*** Begin section ***

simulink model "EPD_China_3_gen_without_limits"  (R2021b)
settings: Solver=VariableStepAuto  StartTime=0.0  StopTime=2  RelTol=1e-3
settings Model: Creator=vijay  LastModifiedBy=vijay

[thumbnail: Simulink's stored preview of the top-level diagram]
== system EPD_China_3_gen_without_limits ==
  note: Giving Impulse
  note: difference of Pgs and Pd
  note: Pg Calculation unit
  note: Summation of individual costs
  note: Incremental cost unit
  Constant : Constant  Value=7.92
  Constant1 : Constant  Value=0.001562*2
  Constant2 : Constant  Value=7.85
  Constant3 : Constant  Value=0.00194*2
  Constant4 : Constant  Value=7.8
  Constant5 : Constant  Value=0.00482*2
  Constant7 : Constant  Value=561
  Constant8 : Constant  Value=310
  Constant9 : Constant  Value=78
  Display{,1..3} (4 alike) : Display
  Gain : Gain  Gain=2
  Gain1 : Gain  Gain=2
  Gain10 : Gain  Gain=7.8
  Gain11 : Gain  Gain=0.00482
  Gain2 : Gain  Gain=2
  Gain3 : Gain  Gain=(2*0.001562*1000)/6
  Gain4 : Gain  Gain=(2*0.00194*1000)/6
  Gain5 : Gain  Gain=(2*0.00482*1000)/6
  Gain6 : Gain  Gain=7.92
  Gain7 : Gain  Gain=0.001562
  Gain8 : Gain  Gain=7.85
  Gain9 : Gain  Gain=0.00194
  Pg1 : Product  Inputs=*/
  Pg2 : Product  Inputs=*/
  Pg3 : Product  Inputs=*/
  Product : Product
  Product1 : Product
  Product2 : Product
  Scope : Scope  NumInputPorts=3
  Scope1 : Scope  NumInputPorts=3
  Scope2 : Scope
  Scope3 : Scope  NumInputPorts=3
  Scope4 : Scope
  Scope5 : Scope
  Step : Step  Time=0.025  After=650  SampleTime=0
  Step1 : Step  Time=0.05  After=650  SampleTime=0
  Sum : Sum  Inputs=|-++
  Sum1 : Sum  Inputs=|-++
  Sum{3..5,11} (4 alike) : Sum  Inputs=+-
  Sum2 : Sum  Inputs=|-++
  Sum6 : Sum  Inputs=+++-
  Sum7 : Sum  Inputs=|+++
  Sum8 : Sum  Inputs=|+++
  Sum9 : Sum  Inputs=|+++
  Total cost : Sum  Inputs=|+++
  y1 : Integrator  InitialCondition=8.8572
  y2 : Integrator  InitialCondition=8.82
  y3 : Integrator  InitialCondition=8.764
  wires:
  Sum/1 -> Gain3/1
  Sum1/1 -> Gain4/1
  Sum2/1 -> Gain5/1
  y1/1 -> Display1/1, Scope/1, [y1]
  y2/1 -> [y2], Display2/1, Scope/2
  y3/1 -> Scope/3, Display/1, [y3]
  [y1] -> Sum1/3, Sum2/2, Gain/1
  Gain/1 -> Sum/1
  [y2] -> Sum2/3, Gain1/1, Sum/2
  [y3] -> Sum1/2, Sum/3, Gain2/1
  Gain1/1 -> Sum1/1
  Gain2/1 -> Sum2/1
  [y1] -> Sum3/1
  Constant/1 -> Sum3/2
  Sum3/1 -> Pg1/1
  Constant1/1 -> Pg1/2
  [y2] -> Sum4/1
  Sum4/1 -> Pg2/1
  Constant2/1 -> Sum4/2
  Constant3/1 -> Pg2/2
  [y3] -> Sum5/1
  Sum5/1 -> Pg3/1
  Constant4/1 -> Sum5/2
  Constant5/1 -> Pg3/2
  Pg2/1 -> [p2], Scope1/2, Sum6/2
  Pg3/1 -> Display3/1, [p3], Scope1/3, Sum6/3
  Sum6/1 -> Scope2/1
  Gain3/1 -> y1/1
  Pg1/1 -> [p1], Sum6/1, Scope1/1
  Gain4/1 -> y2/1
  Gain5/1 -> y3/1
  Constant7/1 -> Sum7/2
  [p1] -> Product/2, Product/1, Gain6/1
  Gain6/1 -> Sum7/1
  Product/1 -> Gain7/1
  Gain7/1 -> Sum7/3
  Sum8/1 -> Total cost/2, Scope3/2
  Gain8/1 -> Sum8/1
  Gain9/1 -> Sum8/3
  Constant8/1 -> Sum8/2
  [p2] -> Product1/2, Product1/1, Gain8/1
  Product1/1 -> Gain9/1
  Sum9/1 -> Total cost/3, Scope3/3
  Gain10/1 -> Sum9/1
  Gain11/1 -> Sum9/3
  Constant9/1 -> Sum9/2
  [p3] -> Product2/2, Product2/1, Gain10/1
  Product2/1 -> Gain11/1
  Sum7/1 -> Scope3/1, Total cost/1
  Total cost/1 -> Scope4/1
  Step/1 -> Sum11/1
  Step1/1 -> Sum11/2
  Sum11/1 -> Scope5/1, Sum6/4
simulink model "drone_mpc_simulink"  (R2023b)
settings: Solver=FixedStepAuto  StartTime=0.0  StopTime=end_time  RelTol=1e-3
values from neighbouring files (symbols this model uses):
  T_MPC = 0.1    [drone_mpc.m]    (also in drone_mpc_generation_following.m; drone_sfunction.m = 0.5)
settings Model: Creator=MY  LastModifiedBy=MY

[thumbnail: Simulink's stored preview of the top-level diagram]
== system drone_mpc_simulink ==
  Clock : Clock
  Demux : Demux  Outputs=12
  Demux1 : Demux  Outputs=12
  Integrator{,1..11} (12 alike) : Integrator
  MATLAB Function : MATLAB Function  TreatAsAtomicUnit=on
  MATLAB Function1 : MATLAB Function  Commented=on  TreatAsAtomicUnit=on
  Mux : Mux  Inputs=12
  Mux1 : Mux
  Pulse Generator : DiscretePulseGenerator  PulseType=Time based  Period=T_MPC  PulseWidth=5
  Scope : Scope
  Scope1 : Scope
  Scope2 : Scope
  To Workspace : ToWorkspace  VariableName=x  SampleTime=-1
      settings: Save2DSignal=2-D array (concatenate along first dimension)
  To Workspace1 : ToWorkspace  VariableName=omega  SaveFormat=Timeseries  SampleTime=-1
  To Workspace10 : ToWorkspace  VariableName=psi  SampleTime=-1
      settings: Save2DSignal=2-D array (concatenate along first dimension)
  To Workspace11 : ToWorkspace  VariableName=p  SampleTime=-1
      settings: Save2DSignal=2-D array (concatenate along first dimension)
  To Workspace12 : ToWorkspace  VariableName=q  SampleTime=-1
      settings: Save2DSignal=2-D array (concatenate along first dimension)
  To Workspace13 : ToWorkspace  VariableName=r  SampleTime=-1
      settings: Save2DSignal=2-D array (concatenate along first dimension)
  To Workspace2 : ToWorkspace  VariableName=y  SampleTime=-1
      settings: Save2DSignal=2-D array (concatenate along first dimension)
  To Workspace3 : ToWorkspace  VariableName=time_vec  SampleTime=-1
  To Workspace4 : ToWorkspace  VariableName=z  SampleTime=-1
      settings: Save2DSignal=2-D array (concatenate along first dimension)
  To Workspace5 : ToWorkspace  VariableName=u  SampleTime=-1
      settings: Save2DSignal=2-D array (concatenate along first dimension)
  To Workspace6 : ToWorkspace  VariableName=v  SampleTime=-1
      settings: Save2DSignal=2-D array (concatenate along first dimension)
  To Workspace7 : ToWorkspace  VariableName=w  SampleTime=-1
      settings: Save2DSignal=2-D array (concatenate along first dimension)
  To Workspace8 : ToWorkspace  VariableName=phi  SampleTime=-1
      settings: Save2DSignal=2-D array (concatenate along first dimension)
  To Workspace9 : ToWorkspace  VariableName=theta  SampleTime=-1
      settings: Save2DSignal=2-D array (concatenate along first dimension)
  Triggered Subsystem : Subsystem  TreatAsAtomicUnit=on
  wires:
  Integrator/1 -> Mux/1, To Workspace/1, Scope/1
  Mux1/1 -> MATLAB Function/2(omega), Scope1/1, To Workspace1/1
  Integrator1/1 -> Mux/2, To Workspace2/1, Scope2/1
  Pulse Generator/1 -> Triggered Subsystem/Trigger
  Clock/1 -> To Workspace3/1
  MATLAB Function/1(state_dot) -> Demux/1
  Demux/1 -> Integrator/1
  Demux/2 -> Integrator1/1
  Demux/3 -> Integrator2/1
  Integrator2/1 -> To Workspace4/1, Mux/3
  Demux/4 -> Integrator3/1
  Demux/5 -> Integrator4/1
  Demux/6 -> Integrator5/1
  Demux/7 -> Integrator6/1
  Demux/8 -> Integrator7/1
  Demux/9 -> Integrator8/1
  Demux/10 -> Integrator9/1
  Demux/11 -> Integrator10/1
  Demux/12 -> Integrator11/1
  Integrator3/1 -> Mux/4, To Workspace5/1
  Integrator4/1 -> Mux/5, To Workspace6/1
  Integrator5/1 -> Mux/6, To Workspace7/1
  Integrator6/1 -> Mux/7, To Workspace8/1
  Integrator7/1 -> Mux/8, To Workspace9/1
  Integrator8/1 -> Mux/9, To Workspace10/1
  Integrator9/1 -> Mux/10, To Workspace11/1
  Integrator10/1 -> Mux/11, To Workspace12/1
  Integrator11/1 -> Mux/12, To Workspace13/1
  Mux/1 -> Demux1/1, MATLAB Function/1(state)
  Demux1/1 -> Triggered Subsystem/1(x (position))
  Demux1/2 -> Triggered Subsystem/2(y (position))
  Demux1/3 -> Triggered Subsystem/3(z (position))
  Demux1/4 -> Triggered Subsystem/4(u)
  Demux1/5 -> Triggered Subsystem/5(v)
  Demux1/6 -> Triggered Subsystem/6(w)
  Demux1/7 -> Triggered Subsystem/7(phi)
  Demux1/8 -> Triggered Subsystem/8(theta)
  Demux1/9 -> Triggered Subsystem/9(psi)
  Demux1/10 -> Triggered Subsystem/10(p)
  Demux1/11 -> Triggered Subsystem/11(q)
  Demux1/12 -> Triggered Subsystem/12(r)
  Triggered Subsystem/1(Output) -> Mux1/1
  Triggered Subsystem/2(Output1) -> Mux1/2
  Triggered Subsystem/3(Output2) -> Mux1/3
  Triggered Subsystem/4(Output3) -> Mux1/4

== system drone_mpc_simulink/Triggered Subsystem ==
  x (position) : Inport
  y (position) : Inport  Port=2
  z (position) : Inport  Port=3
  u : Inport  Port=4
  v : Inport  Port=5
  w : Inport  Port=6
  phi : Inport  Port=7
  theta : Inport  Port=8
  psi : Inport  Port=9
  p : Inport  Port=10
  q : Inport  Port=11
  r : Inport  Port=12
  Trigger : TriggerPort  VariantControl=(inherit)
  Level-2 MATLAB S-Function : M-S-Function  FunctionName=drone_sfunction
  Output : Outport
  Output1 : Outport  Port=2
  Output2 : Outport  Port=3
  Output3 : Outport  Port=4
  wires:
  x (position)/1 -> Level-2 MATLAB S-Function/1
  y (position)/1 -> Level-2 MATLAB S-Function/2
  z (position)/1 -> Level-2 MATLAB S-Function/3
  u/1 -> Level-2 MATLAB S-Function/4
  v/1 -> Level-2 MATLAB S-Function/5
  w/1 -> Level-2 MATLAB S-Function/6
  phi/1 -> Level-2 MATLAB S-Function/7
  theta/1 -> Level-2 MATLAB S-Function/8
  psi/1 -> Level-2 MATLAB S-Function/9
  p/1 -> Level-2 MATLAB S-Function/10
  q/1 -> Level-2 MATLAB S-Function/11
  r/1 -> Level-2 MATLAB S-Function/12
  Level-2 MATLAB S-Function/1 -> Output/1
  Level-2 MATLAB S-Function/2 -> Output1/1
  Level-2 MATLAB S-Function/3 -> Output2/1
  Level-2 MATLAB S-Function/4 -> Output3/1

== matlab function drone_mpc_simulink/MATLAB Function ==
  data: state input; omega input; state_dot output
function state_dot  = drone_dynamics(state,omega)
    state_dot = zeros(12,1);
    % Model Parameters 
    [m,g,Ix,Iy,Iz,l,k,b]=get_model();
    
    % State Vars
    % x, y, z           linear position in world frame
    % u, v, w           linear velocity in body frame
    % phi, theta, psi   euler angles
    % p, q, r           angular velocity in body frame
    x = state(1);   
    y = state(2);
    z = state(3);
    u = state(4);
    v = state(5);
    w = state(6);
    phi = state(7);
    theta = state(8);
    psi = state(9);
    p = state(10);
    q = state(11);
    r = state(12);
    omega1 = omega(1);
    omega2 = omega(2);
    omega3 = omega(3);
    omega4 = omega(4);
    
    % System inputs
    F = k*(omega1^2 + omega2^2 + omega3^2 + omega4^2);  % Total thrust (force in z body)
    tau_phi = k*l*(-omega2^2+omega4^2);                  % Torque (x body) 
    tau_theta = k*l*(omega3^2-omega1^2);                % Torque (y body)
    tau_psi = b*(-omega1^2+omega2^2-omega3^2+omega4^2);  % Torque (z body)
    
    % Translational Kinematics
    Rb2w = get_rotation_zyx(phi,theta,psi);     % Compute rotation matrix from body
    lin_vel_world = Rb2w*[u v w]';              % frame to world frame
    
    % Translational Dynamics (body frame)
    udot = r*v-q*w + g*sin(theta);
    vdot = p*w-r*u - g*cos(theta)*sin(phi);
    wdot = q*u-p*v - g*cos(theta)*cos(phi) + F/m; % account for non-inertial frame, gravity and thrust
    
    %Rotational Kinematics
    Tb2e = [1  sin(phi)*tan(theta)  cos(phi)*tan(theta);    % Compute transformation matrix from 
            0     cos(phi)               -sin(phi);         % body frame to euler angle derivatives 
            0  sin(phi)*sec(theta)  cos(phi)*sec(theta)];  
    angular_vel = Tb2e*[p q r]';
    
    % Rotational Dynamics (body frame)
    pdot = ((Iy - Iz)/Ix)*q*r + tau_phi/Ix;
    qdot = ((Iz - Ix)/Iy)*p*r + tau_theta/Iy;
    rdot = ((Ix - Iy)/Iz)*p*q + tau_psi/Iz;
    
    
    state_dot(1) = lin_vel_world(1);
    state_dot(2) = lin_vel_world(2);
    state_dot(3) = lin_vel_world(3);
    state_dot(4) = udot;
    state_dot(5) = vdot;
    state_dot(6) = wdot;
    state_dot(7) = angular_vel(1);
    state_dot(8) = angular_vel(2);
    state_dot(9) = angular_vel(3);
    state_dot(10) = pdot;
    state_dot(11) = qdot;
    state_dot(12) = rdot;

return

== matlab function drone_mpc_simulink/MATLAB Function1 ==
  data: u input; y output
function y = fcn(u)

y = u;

*** End section ***

## ASSIGNED TASK
Give the count of lines above that include the word "Outputs", stating no other information.

## TASK SOLUTION
2